___ Information
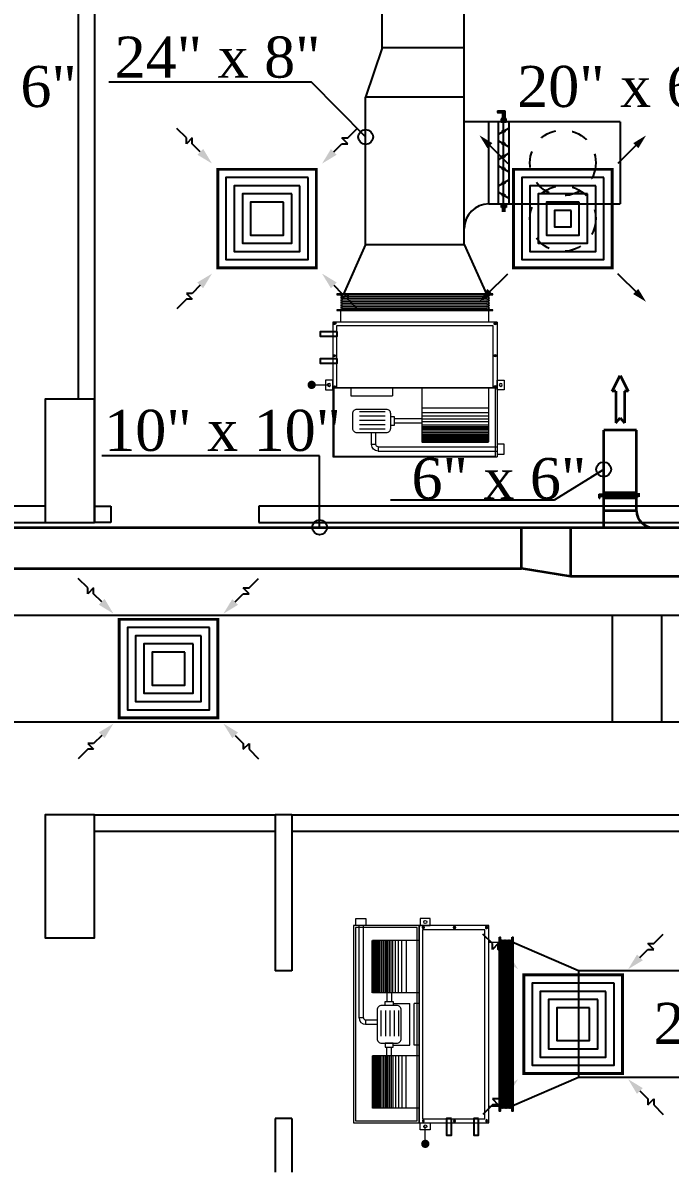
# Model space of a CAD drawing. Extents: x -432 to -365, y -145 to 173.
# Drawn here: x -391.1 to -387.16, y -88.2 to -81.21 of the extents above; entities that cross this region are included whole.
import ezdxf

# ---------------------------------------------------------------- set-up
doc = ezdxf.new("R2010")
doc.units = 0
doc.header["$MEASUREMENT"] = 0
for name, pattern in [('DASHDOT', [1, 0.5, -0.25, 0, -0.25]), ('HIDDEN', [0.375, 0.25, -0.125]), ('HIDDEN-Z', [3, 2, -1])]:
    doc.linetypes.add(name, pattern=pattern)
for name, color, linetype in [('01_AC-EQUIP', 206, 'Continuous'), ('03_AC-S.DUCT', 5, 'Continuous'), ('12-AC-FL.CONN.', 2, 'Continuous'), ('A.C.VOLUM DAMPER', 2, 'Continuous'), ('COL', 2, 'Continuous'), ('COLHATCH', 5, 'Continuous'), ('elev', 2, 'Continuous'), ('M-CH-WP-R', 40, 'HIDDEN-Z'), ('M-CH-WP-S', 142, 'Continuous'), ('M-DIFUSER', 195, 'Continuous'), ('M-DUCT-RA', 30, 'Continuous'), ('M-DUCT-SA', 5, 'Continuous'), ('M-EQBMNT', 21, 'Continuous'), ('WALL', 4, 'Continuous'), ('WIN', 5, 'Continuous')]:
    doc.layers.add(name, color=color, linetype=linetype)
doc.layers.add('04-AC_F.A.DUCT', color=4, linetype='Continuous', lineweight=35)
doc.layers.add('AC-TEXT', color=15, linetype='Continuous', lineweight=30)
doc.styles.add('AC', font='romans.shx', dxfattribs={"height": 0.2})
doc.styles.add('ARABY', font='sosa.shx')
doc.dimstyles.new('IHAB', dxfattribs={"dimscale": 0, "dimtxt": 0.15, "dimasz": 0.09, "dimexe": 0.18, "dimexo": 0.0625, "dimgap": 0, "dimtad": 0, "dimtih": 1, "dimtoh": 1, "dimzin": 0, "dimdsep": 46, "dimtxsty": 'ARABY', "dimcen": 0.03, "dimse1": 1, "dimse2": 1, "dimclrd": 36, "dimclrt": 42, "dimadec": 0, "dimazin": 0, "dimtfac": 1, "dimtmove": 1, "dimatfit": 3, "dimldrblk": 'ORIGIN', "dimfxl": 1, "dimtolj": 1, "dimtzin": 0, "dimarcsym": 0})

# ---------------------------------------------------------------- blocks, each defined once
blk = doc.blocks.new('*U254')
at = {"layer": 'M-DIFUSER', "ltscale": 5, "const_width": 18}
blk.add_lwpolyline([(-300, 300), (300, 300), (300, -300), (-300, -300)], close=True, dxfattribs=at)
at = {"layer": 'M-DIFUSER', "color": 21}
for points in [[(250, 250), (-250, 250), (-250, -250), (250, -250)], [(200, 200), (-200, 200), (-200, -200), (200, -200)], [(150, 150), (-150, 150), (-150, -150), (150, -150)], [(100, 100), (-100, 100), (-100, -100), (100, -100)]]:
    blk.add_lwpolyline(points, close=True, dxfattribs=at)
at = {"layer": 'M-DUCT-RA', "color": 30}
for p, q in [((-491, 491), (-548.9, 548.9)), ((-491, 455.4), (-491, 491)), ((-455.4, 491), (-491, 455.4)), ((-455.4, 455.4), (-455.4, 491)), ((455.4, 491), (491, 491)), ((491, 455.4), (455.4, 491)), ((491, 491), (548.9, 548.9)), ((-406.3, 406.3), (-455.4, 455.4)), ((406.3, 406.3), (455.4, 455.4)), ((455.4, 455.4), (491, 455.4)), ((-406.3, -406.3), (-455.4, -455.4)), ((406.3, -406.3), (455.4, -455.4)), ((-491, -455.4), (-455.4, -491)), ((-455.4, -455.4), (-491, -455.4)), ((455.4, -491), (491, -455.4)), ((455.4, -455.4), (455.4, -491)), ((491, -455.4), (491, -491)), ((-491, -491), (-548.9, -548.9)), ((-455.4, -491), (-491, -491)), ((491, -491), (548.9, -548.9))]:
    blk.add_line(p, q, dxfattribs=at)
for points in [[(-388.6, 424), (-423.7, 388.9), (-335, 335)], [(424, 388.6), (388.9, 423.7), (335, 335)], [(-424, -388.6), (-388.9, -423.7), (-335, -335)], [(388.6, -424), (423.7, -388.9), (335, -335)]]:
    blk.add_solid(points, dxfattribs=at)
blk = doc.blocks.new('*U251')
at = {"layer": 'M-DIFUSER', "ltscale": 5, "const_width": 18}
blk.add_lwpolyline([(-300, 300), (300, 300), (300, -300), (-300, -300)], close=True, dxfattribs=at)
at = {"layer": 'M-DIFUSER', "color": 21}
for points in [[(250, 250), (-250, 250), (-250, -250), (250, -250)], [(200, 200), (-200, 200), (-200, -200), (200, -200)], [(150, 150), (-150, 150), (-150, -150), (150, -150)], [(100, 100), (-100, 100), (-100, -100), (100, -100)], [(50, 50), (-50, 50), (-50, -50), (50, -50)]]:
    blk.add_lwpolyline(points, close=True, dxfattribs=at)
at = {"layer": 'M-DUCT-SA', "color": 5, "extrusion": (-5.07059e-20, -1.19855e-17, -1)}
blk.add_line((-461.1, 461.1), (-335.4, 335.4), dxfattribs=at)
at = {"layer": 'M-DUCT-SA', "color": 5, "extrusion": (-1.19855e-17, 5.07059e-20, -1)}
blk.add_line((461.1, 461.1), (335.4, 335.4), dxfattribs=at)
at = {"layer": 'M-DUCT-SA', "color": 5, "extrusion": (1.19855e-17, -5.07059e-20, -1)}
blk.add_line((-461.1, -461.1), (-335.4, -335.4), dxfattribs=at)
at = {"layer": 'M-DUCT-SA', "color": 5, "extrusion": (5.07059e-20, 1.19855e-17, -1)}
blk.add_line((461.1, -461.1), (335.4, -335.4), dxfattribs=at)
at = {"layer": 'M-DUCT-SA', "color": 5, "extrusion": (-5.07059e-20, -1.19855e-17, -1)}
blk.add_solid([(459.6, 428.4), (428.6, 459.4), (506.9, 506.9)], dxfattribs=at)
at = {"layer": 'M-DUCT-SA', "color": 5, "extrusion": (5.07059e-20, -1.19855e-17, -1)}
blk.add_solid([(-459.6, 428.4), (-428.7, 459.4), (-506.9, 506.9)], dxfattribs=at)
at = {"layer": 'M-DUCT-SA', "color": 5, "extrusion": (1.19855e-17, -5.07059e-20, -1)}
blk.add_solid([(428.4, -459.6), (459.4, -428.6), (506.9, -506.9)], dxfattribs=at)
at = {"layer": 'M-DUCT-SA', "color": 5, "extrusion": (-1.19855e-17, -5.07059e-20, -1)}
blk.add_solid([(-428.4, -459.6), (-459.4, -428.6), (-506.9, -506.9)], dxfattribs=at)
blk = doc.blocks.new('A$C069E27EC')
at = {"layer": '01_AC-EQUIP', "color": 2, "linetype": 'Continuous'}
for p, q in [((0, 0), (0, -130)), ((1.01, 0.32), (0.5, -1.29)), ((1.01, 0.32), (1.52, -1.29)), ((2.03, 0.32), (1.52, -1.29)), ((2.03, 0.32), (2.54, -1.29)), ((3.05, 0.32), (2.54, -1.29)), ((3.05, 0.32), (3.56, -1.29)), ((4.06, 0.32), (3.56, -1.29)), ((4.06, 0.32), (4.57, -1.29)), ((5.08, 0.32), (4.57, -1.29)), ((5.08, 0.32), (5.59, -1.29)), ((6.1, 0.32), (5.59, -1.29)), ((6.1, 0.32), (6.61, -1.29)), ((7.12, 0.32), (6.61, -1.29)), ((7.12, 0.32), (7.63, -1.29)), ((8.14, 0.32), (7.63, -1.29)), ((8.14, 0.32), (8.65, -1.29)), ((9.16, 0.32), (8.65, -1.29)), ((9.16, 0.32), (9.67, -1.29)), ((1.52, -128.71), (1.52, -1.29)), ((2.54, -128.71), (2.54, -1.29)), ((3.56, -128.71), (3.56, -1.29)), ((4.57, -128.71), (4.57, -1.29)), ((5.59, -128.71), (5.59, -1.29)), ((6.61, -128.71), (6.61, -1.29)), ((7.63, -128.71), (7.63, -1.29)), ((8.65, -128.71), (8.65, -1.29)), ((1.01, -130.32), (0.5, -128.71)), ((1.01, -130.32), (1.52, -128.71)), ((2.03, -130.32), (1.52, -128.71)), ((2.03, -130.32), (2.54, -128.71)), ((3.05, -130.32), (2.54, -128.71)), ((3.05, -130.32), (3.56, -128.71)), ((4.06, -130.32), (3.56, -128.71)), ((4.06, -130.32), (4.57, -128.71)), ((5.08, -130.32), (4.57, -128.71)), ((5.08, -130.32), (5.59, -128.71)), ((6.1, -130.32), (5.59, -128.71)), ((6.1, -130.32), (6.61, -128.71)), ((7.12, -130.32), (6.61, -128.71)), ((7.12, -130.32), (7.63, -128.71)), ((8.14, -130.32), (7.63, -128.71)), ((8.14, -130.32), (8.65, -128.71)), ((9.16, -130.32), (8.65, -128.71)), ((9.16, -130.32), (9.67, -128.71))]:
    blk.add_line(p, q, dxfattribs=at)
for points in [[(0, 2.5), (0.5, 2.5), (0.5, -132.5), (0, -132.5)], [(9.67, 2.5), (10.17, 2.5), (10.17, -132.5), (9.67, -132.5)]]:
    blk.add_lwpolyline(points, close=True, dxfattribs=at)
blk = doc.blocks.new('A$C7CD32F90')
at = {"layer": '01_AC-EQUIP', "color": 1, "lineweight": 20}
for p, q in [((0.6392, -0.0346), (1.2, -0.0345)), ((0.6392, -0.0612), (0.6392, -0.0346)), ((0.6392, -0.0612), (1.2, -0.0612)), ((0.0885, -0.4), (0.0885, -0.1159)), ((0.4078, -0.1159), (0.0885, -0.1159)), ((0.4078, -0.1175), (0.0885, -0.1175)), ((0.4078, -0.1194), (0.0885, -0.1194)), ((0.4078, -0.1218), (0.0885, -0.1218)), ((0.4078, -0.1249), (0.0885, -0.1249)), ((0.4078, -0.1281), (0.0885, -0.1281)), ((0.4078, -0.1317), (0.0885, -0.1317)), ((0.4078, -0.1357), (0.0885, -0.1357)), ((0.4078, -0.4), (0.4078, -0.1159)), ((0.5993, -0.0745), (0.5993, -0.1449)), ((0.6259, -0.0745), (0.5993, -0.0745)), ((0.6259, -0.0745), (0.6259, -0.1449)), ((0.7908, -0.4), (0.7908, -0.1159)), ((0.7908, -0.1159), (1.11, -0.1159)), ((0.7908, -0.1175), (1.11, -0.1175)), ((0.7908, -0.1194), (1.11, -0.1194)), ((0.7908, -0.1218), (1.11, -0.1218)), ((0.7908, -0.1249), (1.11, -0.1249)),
______
→ Task prompt: Determine how many lines above hold the word "blocks", then give only that number.

→ Response to this exercise: 5